++++ Input data

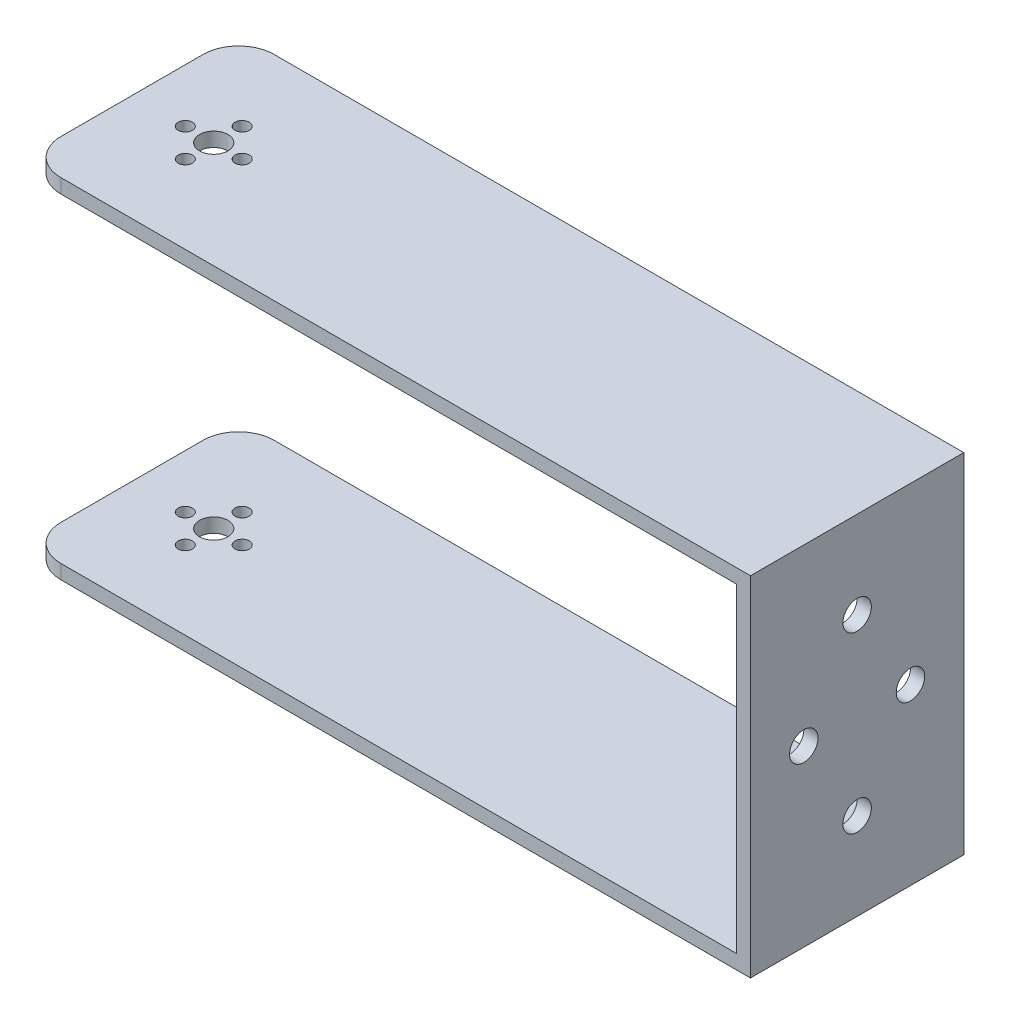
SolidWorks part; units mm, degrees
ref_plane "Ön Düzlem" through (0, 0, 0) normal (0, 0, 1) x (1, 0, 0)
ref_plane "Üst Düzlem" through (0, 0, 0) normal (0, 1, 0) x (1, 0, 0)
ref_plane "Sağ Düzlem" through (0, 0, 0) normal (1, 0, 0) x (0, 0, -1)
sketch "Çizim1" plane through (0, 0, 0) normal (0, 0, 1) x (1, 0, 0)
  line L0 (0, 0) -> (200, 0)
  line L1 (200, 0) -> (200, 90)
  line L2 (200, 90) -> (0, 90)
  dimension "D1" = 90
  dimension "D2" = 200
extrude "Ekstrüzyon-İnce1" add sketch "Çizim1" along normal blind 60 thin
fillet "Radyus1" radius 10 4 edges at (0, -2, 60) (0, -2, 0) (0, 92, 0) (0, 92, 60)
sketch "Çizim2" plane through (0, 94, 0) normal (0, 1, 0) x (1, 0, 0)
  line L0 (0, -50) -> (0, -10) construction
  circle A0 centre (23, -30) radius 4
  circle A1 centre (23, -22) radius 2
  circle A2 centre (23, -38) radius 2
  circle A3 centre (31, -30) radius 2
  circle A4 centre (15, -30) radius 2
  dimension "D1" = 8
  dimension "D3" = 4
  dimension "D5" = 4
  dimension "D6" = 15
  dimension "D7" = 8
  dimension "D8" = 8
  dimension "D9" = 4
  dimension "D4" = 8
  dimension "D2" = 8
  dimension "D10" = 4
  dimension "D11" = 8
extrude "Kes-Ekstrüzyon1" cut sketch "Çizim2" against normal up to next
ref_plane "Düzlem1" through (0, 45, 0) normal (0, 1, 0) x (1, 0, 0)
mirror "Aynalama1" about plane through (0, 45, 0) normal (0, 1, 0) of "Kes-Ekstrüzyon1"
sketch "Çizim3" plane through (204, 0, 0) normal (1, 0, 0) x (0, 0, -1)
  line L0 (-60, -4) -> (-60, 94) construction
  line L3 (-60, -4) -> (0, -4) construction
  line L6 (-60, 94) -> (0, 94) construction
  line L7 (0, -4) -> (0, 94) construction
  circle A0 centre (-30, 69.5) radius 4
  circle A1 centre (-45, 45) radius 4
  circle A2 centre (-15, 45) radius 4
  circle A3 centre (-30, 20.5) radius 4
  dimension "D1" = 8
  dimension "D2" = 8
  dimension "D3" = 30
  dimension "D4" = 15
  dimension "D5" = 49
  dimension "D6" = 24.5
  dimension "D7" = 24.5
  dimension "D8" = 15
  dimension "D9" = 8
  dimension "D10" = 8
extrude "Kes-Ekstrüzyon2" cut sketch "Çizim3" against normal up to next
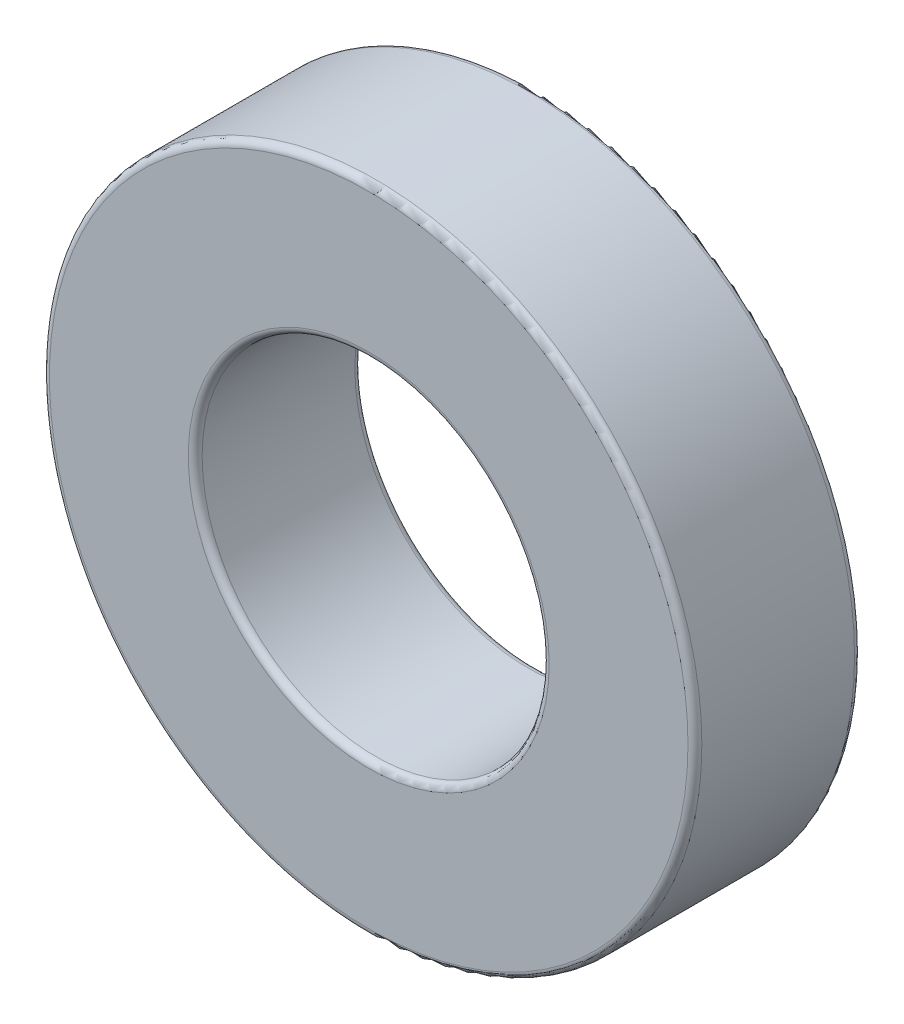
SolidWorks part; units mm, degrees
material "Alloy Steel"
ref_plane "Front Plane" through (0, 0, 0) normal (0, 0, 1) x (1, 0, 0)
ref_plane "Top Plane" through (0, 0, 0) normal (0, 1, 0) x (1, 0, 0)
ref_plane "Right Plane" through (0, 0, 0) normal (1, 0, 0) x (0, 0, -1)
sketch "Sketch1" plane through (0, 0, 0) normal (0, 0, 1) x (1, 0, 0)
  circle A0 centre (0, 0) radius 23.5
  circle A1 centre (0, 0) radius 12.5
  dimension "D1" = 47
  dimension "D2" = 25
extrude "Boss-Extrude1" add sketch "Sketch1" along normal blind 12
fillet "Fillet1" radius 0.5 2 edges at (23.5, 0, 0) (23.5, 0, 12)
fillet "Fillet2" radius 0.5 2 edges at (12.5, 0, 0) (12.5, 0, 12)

++++++++

» Instructions for the task: Every line of the material must be returned exactly; leave the images out.

» Exercise answer:
SolidWorks part; units mm, degrees
ref_plane "Ön Düzlem" through (0, 0, 0) normal (0, 0, 1) x (1, 0, 0)
ref_plane "Üst Düzlem" through (0, 0, 0) normal (0, 1, 0) x (1, 0, 0)
ref_plane "Sağ Düzlem" through (0, 0, 0) normal (1, 0, 0) x (0, 0, -1)
sketch "Çizim1" plane through (0, 0, 0) normal (0, 0, 1) x (1, 0, 0)
  line L0 (0, 0) -> (200, 0)
  line L1 (200, 0) -> (200, 90)
  line L2 (200, 90) -> (0, 90)
  dimension "D1" = 90
  dimension "D2" = 200
extrude "Ekstrüzyon-İnce1" add sketch "Çizim1" along normal blind 60 thin
fillet "Radyus1" radius 10 4 edges at (0, -2, 60) (0, -2, 0) (0, 92, 0) (0, 92, 60)
sketch "Çizim2" plane through (0, 94, 0) normal (0, 1, 0) x (1, 0, 0)
  line L0 (0, -50) -> (0, -10) construction
  circle A0 centre (23, -30) radius 4
  circle A1 centre (23, -22) radius 2
  circle A2 centre (23, -38) radius 2
  circle A3 centre (31, -30) radius 2
  circle A4 centre (15, -30) radius 2
  dimension "D1" = 8
  dimension "D3" = 4
  dimension "D5" = 4
  dimension "D6" = 15
  dimension "D7" = 8
  dimension "D8" = 8
  dimension "D9" = 4
  dimension "D4" = 8
  dimension "D2" = 8
  dimension "D10" = 4
  dimension "D11" = 8
extrude "Kes-Ekstrüzyon1" cut sketch "Çizim2" against normal up to next
ref_plane "Düzlem1" through (0, 45, 0) normal (0, 1, 0) x (1, 0, 0)
mirror "Aynalama1" about plane through (0, 45, 0) normal (0, 1, 0) of "Kes-Ekstrüzyon1"
sketch "Çizim3" plane through (204, 0, 0) normal (1, 0, 0) x (0, 0, -1)
  line L0 (-60, -4) -> (-60, 94) construction
  line L3 (-60, -4) -> (0, -4) construction
  line L6 (-60, 94) -> (0, 94) construction
  line L7 (0, -4) -> (0, 94) construction
  circle A0 centre (-30, 69.5) radius 4
  circle A1 centre (-45, 45) radius 4
  circle A2 centre (-15, 45) radius 4
  circle A3 centre (-30, 20.5) radius 4
  dimension "D1" = 8
  dimension "D2" = 8
  dimension "D3" = 30
  dimension "D4" = 15
  dimension "D5" = 49
  dimension "D6" = 24.5
  dimension "D7" = 24.5
  dimension "D8" = 15
  dimension "D9" = 8
  dimension "D10" = 8
extrude "Kes-Ekstrüzyon2" cut sketch "Çizim3" against normal up to next
SolidWorks part; units mm, degrees
material "Alloy Steel"
ref_plane "Front Plane" through (0, 0, 0) normal (0, 0, 1) x (1, 0, 0)
ref_plane "Top Plane" through (0, 0, 0) normal (0, 1, 0) x (1, 0, 0)
ref_plane "Right Plane" through (0, 0, 0) normal (1, 0, 0) x (0, 0, -1)
sketch "Sketch1" plane through (0, 0, 0) normal (0, 0, 1) x (1, 0, 0)
  circle A0 centre (0, 0) radius 23.5
  circle A1 centre (0, 0) radius 12.5
  dimension "D1" = 47
  dimension "D2" = 25
extrude "Boss-Extrude1" add sketch "Sketch1" along normal blind 12
fillet "Fillet1" radius 0.5 2 edges at (23.5, 0, 0) (23.5, 0, 12)
fillet "Fillet2" radius 0.5 2 edges at (12.5, 0, 0) (12.5, 0, 12)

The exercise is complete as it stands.